Is there an electoral basis for debt consolidation? Evidence showing higher than expected demand for fiscal discipline suggests there is. This paper uses novel British survey data to probe this possibility further. First, we examine the existence of a pro-consolidation subconstituency, that is, an influential subset of voters who prioritize fiscal discipline over other issues. Second, we turn to persuasion bias and investigate whether voters tend to resist arguments describing high debt levels as sustainable while more willingly accepting arguments describing them as unsustainable. Third, we test for the existence of mental models that exist independently of partisan messaging and predispose voters to favor fiscal discipline. We find no evidence that British voters tilt the balance in favor of fiscal consolidation in these ways, and discuss implications for future research on fiscal politics in Western democracies.


“Explaining Differences in Free Riding Beliefs: A Review and Preliminary Theory.”

People who oppose generous social benefits for the poor and the unemployed often believe that recipients are free riding, i.e., abusing society’s generosity by failing to act to improve their plight. People who support more generous social benefits express the opposite concern: the moral wrong is on the side of society, which does too little to help people who cannot be blamed for their economic conditions. What explains these differences in welfare attitudes and free riding beliefs? To answer this question, this paper focuses on the well-documented, yet puzzling, correlation between 1) free riding beliefs on the one hand and 2) liberal-authoritarian values on the other. Underpin- ning this correlation, I hypothesize, is a disagreement over how to best address social dilemmas, i.e. how to maximize pro-social behavior and minimize free riding. I provide preliminary evidence for this line of inquiry and conclude by discussing implications for future research.

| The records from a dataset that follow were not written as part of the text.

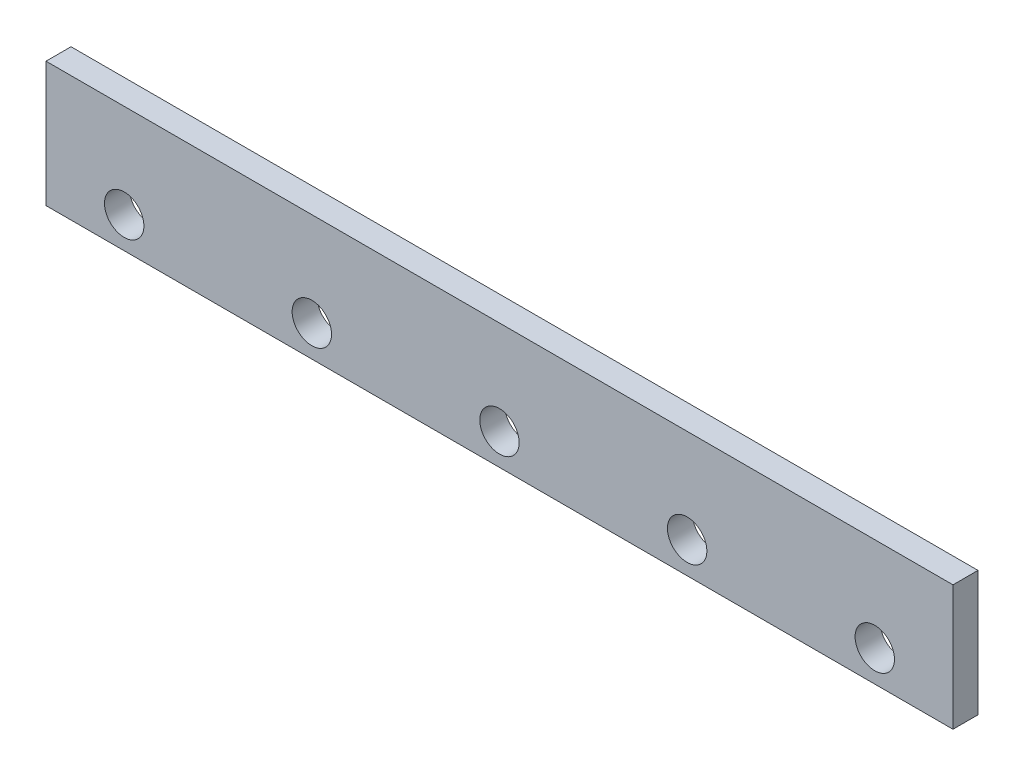
ISO-10303-21;
HEADER;
FILE_DESCRIPTION(('STEP AP214'),'2;1');
FILE_NAME('part.step','',(''),(''),'','','');
FILE_SCHEMA(('AUTOMOTIVE_DESIGN { 1 0 10303 214 1 1 1 1 }'));
ENDSEC;
DATA;
#1=APPLICATION_CONTEXT('core data for automotive mechanical design processes');
#2=APPLICATION_PROTOCOL_DEFINITION('international standard','automotive_design',2000,#1);
#3=PRODUCT_CONTEXT('',#1,'mechanical');
#4=PRODUCT('Part','Part','',(#3));
#5=PRODUCT_RELATED_PRODUCT_CATEGORY('part','',(#4));
#6=PRODUCT_DEFINITION_FORMATION('','',#4);
#7=PRODUCT_DEFINITION_CONTEXT('part definition',#1,'design');
#8=PRODUCT_DEFINITION('design','',#6,#7);
#9=PRODUCT_DEFINITION_SHAPE('','',#8);
#10=(LENGTH_UNIT() NAMED_UNIT(*) SI_UNIT(.MILLI.,.METRE.));
#11=(NAMED_UNIT(*) PLANE_ANGLE_UNIT() SI_UNIT($,.RADIAN.));
#12=(NAMED_UNIT(*) SI_UNIT($,.STERADIAN.) SOLID_ANGLE_UNIT());
#13=UNCERTAINTY_MEASURE_WITH_UNIT(LENGTH_MEASURE(1.E-05),#10,'distance_accuracy_value','');
#14=(GEOMETRIC_REPRESENTATION_CONTEXT(3) GLOBAL_UNCERTAINTY_ASSIGNED_CONTEXT((#13)) GLOBAL_UNIT_ASSIGNED_CONTEXT((#10,
#11,#12)) REPRESENTATION_CONTEXT('',''));
#15=CARTESIAN_POINT('',(0.,0.,0.));
#16=DIRECTION('',(0.,0.,1.));
#17=DIRECTION('',(1.,0.,0.));
#18=AXIS2_PLACEMENT_3D('',#15,#16,#17);
#19=CARTESIAN_POINT('',(0.,0.,16.));
#20=DIRECTION('',(0.,0.,-1.));
#21=DIRECTION('',(-1.,0.,0.));
#22=AXIS2_PLACEMENT_3D('',#19,#20,#21);
#23=PLANE('',#22);
#24=CARTESIAN_POINT('',(410.,20.,16.));
#25=DIRECTION('',(0.,0.,1.));
#26=DIRECTION('',(1.,0.,0.));
#27=AXIS2_PLACEMENT_3D('',#24,#25,#26);
#28=CIRCLE('',#27,12.6);
#29=CARTESIAN_POINT('',(422.6,20.,16.));
#30=VERTEX_POINT('',#29);
#31=EDGE_CURVE('E127',#30,#30,#28,.T.);
#32=ORIENTED_EDGE('',*,*,#31,.F.);
#33=EDGE_LOOP('',(#32));
#34=FACE_BOUND('',#33,.T.);
#35=CARTESIAN_POINT('',(170.,20.,16.));
#36=DIRECTION('',(0.,0.,1.));
#37=DIRECTION('',(1.,0.,0.));
#38=AXIS2_PLACEMENT_3D('',#35,#36,#37);
#39=CIRCLE('',#38,12.6);
#40=CARTESIAN_POINT('',(182.6,20.,16.));
#41=VERTEX_POINT('',#40);
#42=EDGE_CURVE('E115',#41,#41,#39,.T.);
#43=ORIENTED_EDGE('',*,*,#42,.F.);
#44=EDGE_LOOP('',(#43));
#45=FACE_BOUND('',#44,.T.);
#46=DIRECTION('',(0.,-1.,0.));
#47=VECTOR('',#46,1.);
#48=CARTESIAN_POINT('',(0.,0.,16.));
#49=LINE('',#48,#47);
#50=CARTESIAN_POINT('',(0.,80.,16.));
#51=VERTEX_POINT('',#50);
#52=CARTESIAN_POINT('',(0.,0.,16.));
#53=VERTEX_POINT('',#52);
#54=EDGE_CURVE('E85',#51,#53,#49,.T.);
#55=ORIENTED_EDGE('',*,*,#54,.T.);
#56=DIRECTION('',(1.,0.,0.));
#57=VECTOR('',#56,1.);
#58=CARTESIAN_POINT('',(0.,0.,16.));
#59=LINE('',#58,#57);
#60=CARTESIAN_POINT('',(580.,0.,16.));
#61=VERTEX_POINT('',#60);
#62=EDGE_CURVE('E80',#53,#61,#59,.T.);
#63=ORIENTED_EDGE('',*,*,#62,.T.);
#64=DIRECTION('',(0.,1.,0.));
#65=VECTOR('',#64,1.);
#66=CARTESIAN_POINT('',(580.,0.,16.));
#67=LINE('',#66,#65);
#68=CARTESIAN_POINT('',(580.,80.,16.));
#69=VERTEX_POINT('',#68);
#70=EDGE_CURVE('E83',#61,#69,#67,.T.);
#71=ORIENTED_EDGE('',*,*,#70,.T.);
#72=DIRECTION('',(-1.,0.,0.));
#73=VECTOR('',#72,1.);
#74=CARTESIAN_POINT('',(0.,80.,16.));
#75=LINE('',#74,#73);
#76=EDGE_CURVE('E50',#69,#51,#75,.T.);
#77=ORIENTED_EDGE('',*,*,#76,.T.);
#78=EDGE_LOOP('',(#55,#63,#71,#77));
#79=FACE_BOUND('',#78,.T.);
#80=CARTESIAN_POINT('',(50.,20.,16.));
#81=DIRECTION('',(0.,0.,1.));
#82=DIRECTION('',(1.,0.,0.));
#83=AXIS2_PLACEMENT_3D('',#80,#81,#82);
#84=CIRCLE('',#83,12.6);
#85=CARTESIAN_POINT('',(62.6,20.,16.));
#86=VERTEX_POINT('',#85);
#87=EDGE_CURVE('E100',#86,#86,#84,.T.);
#88=ORIENTED_EDGE('',*,*,#87,.F.);
#89=EDGE_LOOP('',(#88));
#90=FACE_BOUND('',#89,.T.);
#91=CARTESIAN_POINT('',(290.,20.,16.));
#92=DIRECTION('',(0.,0.,1.));
#93=DIRECTION('',(1.,0.,0.));
#94=AXIS2_PLACEMENT_3D('',#91,#92,#93);
#95=CIRCLE('',#94,12.6);
#96=CARTESIAN_POINT('',(302.6,20.,16.));
#97=VERTEX_POINT('',#96);
#98=EDGE_CURVE('E121',#97,#97,#95,.T.);
#99=ORIENTED_EDGE('',*,*,#98,.F.);
#100=EDGE_LOOP('',(#99));
#101=FACE_BOUND('',#100,.T.);
#102=CARTESIAN_POINT('',(530.,20.,16.));
#103=DIRECTION('',(0.,0.,1.));
#104=DIRECTION('',(1.,0.,0.));
#105=AXIS2_PLACEMENT_3D('',#102,#103,#104);
#106=CIRCLE('',#105,12.5999999999999);
#107=CARTESIAN_POINT('',(542.6,20.,16.));
#108=VERTEX_POINT('',#107);
#109=EDGE_CURVE('E133',#108,#108,#106,.T.);
#110=ORIENTED_EDGE('',*,*,#109,.F.);
#111=EDGE_LOOP('',(#110));
#112=FACE_BOUND('',#111,.T.);
#113=ADVANCED_FACE('F33',(#34,#45,#79,#90,#101,#112),#23,.F.);
#114=CARTESIAN_POINT('',(0.,0.,0.));
#115=DIRECTION('',(0.,0.,-1.));
#116=DIRECTION('',(-1.,0.,0.));
#117=AXIS2_PLACEMENT_3D('',#114,#115,#116);
#118=PLANE('',#117);
#119=CARTESIAN_POINT('',(410.,20.,0.));
#120=DIRECTION('',(0.,0.,1.));
#121=DIRECTION('',(1.,0.,0.));
#122=AXIS2_PLACEMENT_3D('',#119,#120,#121);
#123=CIRCLE('',#122,12.6);
#124=CARTESIAN_POINT('',(422.6,20.,0.));
#125=VERTEX_POINT('',#124);
#126=EDGE_CURVE('E130',#125,#125,#123,.T.);
#127=ORIENTED_EDGE('',*,*,#126,.T.);
#128=EDGE_LOOP('',(#127));
#129=FACE_BOUND('',#128,.T.);
#130=CARTESIAN_POINT('',(170.,20.,0.));
#131=DIRECTION('',(0.,0.,1.));
#132=DIRECTION('',(1.,0.,0.));
#133=AXIS2_PLACEMENT_3D('',#130,#131,#132);
#134=CIRCLE('',#133,12.6);
#135=CARTESIAN_POINT('',(182.6,20.,0.));
#136=VERTEX_POINT('',#135);
#137=EDGE_CURVE('E118',#136,#136,#134,.T.);
#138=ORIENTED_EDGE('',*,*,#137,.T.);
#139=EDGE_LOOP('',(#138));
#140=FACE_BOUND('',#139,.T.);
#141=DIRECTION('',(0.,-1.,0.));
#142=VECTOR('',#141,1.);
#143=CARTESIAN_POINT('',(0.,0.,0.));
#144=LINE('',#143,#142);
#145=CARTESIAN_POINT('',(0.,80.,0.));
#146=VERTEX_POINT('',#145);
#147=CARTESIAN_POINT('',(0.,0.,0.));
#148=VERTEX_POINT('',#147);
#149=EDGE_CURVE('E97',#146,#148,#144,.T.);
#150=ORIENTED_EDGE('',*,*,#149,.F.);
#151=DIRECTION('',(-1.,0.,0.));
#152=VECTOR('',#151,1.);
#153=CARTESIAN_POINT('',(0.,80.,0.));
#154=LINE('',#153,#152);
#155=CARTESIAN_POINT('',(580.,80.,0.));
#156=VERTEX_POINT('',#155);
#157=EDGE_CURVE('E73',#156,#146,#154,.T.);
#158=ORIENTED_EDGE('',*,*,#157,.F.);
#159=DIRECTION('',(0.,1.,0.));
#160=VECTOR('',#159,1.);
#161=CARTESIAN_POINT('',(580.,0.,0.));
#162=LINE('',#161,#160);
#163=CARTESIAN_POINT('',(580.,0.,0.));
#164=VERTEX_POINT('',#163);
#165=EDGE_CURVE('E67',#164,#156,#162,.T.);
#166=ORIENTED_EDGE('',*,*,#165,.F.);
#167=DIRECTION('',(1.,0.,0.));
#168=VECTOR('',#167,1.);
#169=CARTESIAN_POINT('',(0.,0.,0.));
#170=LINE('',#169,#168);
#171=EDGE_CURVE('E89',#148,#164,#170,.T.);
#172=ORIENTED_EDGE('',*,*,#171,.F.);
#173=EDGE_LOOP('',(#150,#158,#166,#172));
#174=FACE_BOUND('',#173,.T.);
#175=CARTESIAN_POINT('',(50.,20.,0.));
#176=DIRECTION('',(0.,0.,1.));
#177=DIRECTION('',(1.,0.,0.));
#178=AXIS2_PLACEMENT_3D('',#175,#176,#177);
#179=CIRCLE('',#178,12.6);
#180=CARTESIAN_POINT('',(62.6,20.,0.));
#181=VERTEX_POINT('',#180);
#182=EDGE_CURVE('E112',#181,#181,#179,.T.);
#183=ORIENTED_EDGE('',*,*,#182,.T.);
#184=EDGE_LOOP('',(#183));
#185=FACE_BOUND('',#184,.T.);
#186=CARTESIAN_POINT('',(290.,20.,0.));
#187=DIRECTION('',(0.,0.,1.));
#188=DIRECTION('',(1.,0.,0.));
#189=AXIS2_PLACEMENT_3D('',#186,#187,#188);
#190=CIRCLE('',#189,12.6);
#191=CARTESIAN_POINT('',(302.6,20.,0.));
#192=VERTEX_POINT('',#191);
#193=EDGE_CURVE('E124',#192,#192,#190,.T.);
#194=ORIENTED_EDGE('',*,*,#193,.T.);
#195=EDGE_LOOP('',(#194));
#196=FACE_BOUND('',#195,.T.);
#197=CARTESIAN_POINT('',(530.,20.,0.));
#198=DIRECTION('',(0.,0.,1.));
#199=DIRECTION('',(1.,0.,0.));
#200=AXIS2_PLACEMENT_3D('',#197,#198,#199);
#201=CIRCLE('',#200,12.5999999999999);
#202=CARTESIAN_POINT('',(542.6,20.,0.));
#203=VERTEX_POINT('',#202);
#204=EDGE_CURVE('E136',#203,#203,#201,.T.);
#205=ORIENTED_EDGE('',*,*,#204,.T.);
#206=EDGE_LOOP('',(#205));
#207=FACE_BOUND('',#206,.T.);
#208=ADVANCED_FACE('F108',(#129,#140,#174,#185,#196,#207),#118,.T.);
#209=CARTESIAN_POINT('',(0.,0.,16.));
#210=DIRECTION('',(1.,0.,0.));
#211=DIRECTION('',(0.,0.,-1.));
#212=AXIS2_PLACEMENT_3D('',#209,#210,#211);
#213=PLANE('',#212);
#214=ORIENTED_EDGE('',*,*,#149,.T.);
#215=DIRECTION('',(0.,0.,-1.));
#216=VECTOR('',#215,1.);
#217=CARTESIAN_POINT('',(0.,0.,16.));
#218=LINE('',#217,#216);
#219=EDGE_CURVE('E11',#53,#148,#218,.T.);
#220=ORIENTED_EDGE('',*,*,#219,.F.);
#221=ORIENTED_EDGE('',*,*,#54,.F.);
#222=DIRECTION('',(0.,0.,-1.));
#223=VECTOR('',#222,1.);
#224=CARTESIAN_POINT('',(0.,80.,16.));
#225=LINE('',#224,#223);
#226=EDGE_CURVE('E93',#51,#146,#225,.T.);
#227=ORIENTED_EDGE('',*,*,#226,.T.);
#228=EDGE_LOOP('',(#214,#220,#221,#227));
#229=FACE_BOUND('',#228,.T.);
#230=ADVANCED_FACE('F35',(#229),#213,.F.);
#231=CARTESIAN_POINT('',(0.,0.,16.));
#232=DIRECTION('',(0.,1.,0.));
#233=DIRECTION('',(0.,0.,1.));
#234=AXIS2_PLACEMENT_3D('',#231,#232,#233);
#235=PLANE('',#234);
#236=ORIENTED_EDGE('',*,*,#171,.T.);
#237=DIRECTION('',(0.,0.,-1.));
#238=VECTOR('',#237,1.);
#239=CARTESIAN_POINT('',(580.,0.,16.));
#240=LINE('',#239,#238);
#241=EDGE_CURVE('E42',#61,#164,#240,.T.);
#242=ORIENTED_EDGE('',*,*,#241,.F.);
#243=ORIENTED_EDGE('',*,*,#62,.F.);
#244=ORIENTED_EDGE('',*,*,#219,.T.);
#245=EDGE_LOOP('',(#236,#242,#243,#244));
#246=FACE_BOUND('',#245,.T.);
#247=ADVANCED_FACE('F88',(#246),#235,.F.);
#248=CARTESIAN_POINT('',(580.,0.,16.));
#249=DIRECTION('',(-1.,0.,0.));
#250=DIRECTION('',(0.,0.,1.));
#251=AXIS2_PLACEMENT_3D('',#248,#249,#250);
#252=PLANE('',#251);
#253=ORIENTED_EDGE('',*,*,#165,.T.);
#254=DIRECTION('',(0.,0.,-1.));
#255=VECTOR('',#254,1.);
#256=CARTESIAN_POINT('',(580.,80.,16.));
#257=LINE('',#256,#255);
#258=EDGE_CURVE('E90',#69,#156,#257,.T.);
#259=ORIENTED_EDGE('',*,*,#258,.F.);
#260=ORIENTED_EDGE('',*,*,#70,.F.);
#261=ORIENTED_EDGE('',*,*,#241,.T.);
#262=EDGE_LOOP('',(#253,#259,#260,#261));
#263=FACE_BOUND('',#262,.T.);
#264=ADVANCED_FACE('F91',(#263),#252,.F.);
#265=CARTESIAN_POINT('',(0.,80.,16.));
#266=DIRECTION('',(0.,-1.,0.));
#267=DIRECTION('',(0.,0.,-1.));
#268=AXIS2_PLACEMENT_3D('',#265,#266,#267);
#269=PLANE('',#268);
#270=ORIENTED_EDGE('',*,*,#157,.T.);
#271=ORIENTED_EDGE('',*,*,#226,.F.);
#272=ORIENTED_EDGE('',*,*,#76,.F.);
#273=ORIENTED_EDGE('',*,*,#258,.T.);
#274=EDGE_LOOP('',(#270,#271,#272,#273));
#275=FACE_BOUND('',#274,.T.);
#276=ADVANCED_FACE('F105',(#275),#269,.F.);
#277=CARTESIAN_POINT('',(50.,20.,16.));
#278=DIRECTION('',(0.,0.,-1.));
#279=DIRECTION('',(-1.,0.,0.));
#280=AXIS2_PLACEMENT_3D('',#277,#278,#279);
#281=CYLINDRICAL_SURFACE('',#280,12.6);
#282=ORIENTED_EDGE('',*,*,#87,.T.);
#283=EDGE_LOOP('',(#282));
#284=FACE_BOUND('',#283,.T.);
#285=ORIENTED_EDGE('',*,*,#182,.F.);
#286=EDGE_LOOP('',(#285));
#287=FACE_BOUND('',#286,.T.);
#288=ADVANCED_FACE('F156',(#284,#287),#281,.F.);
#289=CARTESIAN_POINT('',(170.,20.,16.));
#290=DIRECTION('',(0.,0.,-1.));
#291=DIRECTION('',(-1.,0.,0.));
#292=AXIS2_PLACEMENT_3D('',#289,#290,#291);
#293=CYLINDRICAL_SURFACE('',#292,12.6);
#294=ORIENTED_EDGE('',*,*,#42,.T.);
#295=EDGE_LOOP('',(#294));
#296=FACE_BOUND('',#295,.T.);
#297=ORIENTED_EDGE('',*,*,#137,.F.);
#298=EDGE_LOOP('',(#297));
#299=FACE_BOUND('',#298,.T.);
#300=ADVANCED_FACE('F185',(#296,#299),#293,.F.);
#301=CARTESIAN_POINT('',(290.,20.,16.));
#302=DIRECTION('',(0.,0.,-1.));
#303=DIRECTION('',(-1.,0.,0.));
#304=AXIS2_PLACEMENT_3D('',#301,#302,#303);
#305=CYLINDRICAL_SURFACE('',#304,12.6);
#306=ORIENTED_EDGE('',*,*,#98,.T.);
#307=EDGE_LOOP('',(#306));
#308=FACE_BOUND('',#307,.T.);
#309=ORIENTED_EDGE('',*,*,#193,.F.);
#310=EDGE_LOOP('',(#309));
#311=FACE_BOUND('',#310,.T.);
#312=ADVANCED_FACE('F194',(#308,#311),#305,.F.);
#313=CARTESIAN_POINT('',(410.,20.,16.));
#314=DIRECTION('',(0.,0.,-1.));
#315=DIRECTION('',(-1.,0.,0.));
#316=AXIS2_PLACEMENT_3D('',#313,#314,#315);
#317=CYLINDRICAL_SURFACE('',#316,12.6);
#318=ORIENTED_EDGE('',*,*,#31,.T.);
#319=EDGE_LOOP('',(#318));
#320=FACE_BOUND('',#319,.T.);
#321=ORIENTED_EDGE('',*,*,#126,.F.);
#322=EDGE_LOOP('',(#321));
#323=FACE_BOUND('',#322,.T.);
#324=ADVANCED_FACE('F203',(#320,#323),#317,.F.);
#325=CARTESIAN_POINT('',(530.,20.,16.));
#326=DIRECTION('',(0.,0.,-1.));
#327=DIRECTION('',(-1.,0.,0.));
#328=AXIS2_PLACEMENT_3D('',#325,#326,#327);
#329=CYLINDRICAL_SURFACE('',#328,12.5999999999999);
#330=ORIENTED_EDGE('',*,*,#109,.T.);
#331=EDGE_LOOP('',(#330));
#332=FACE_BOUND('',#331,.T.);
#333=ORIENTED_EDGE('',*,*,#204,.F.);
#334=EDGE_LOOP('',(#333));
#335=FACE_BOUND('',#334,.T.);
#336=ADVANCED_FACE('F142',(#332,#335),#329,.F.);
#337=CLOSED_SHELL('',(#113,#208,#230,#247,#264,#276,#288,#300,#312,#324,#336));
#338=MANIFOLD_SOLID_BREP('B2',#337);
#339=ADVANCED_BREP_SHAPE_REPRESENTATION('',(#18,#338),#14);
#340=SHAPE_DEFINITION_REPRESENTATION(#9,#339);
ENDSEC;
END-ISO-10303-21;

“Left Behind by Linear Regression? Insights from Machine Learning Applied to Brexit.” (with Sabina Tomkins)

Who in Britain voted to leave the European Union and why? In search of answers, scholars use linear or logistic regressions applied to observational data to identify individual and contextual characteristics associated with higher support for Brexit. A common conclusion is that the Brexit vote is the symptom of a new political cleavage pitting those left behind by free trade and globalization against university-educated workers who benefit from a shift to a globalized high-skill service economy. This paper complements the model-based approach commonly found in the Brexit literature with machine learning’s emphasis on predictive modeling. We find that for people with individual Leave features and contextual Remain features, a flexible machine learning approach improves performance by 5%. For individuals with the opposite mix (individual Remain and contextual Leave) the performance improves by 11%. Because these groups represent a minority of the sample (40%), overall improvement is more limited, explaining why a parametric linear or logistic model using only individual features is commonly deemed adequate. Using our preferred model, we find that 40% of the test sample aligns with the maximalist left-behind interpretation of Brexit pitting places left-behind by economic and social changes against prosperous ones who benefit from them. In total 20% behave exactly the opposite of what this theory predicts. We discuss implications for assessing the importance of contextual variables relative to individual ones and for theory development more generally.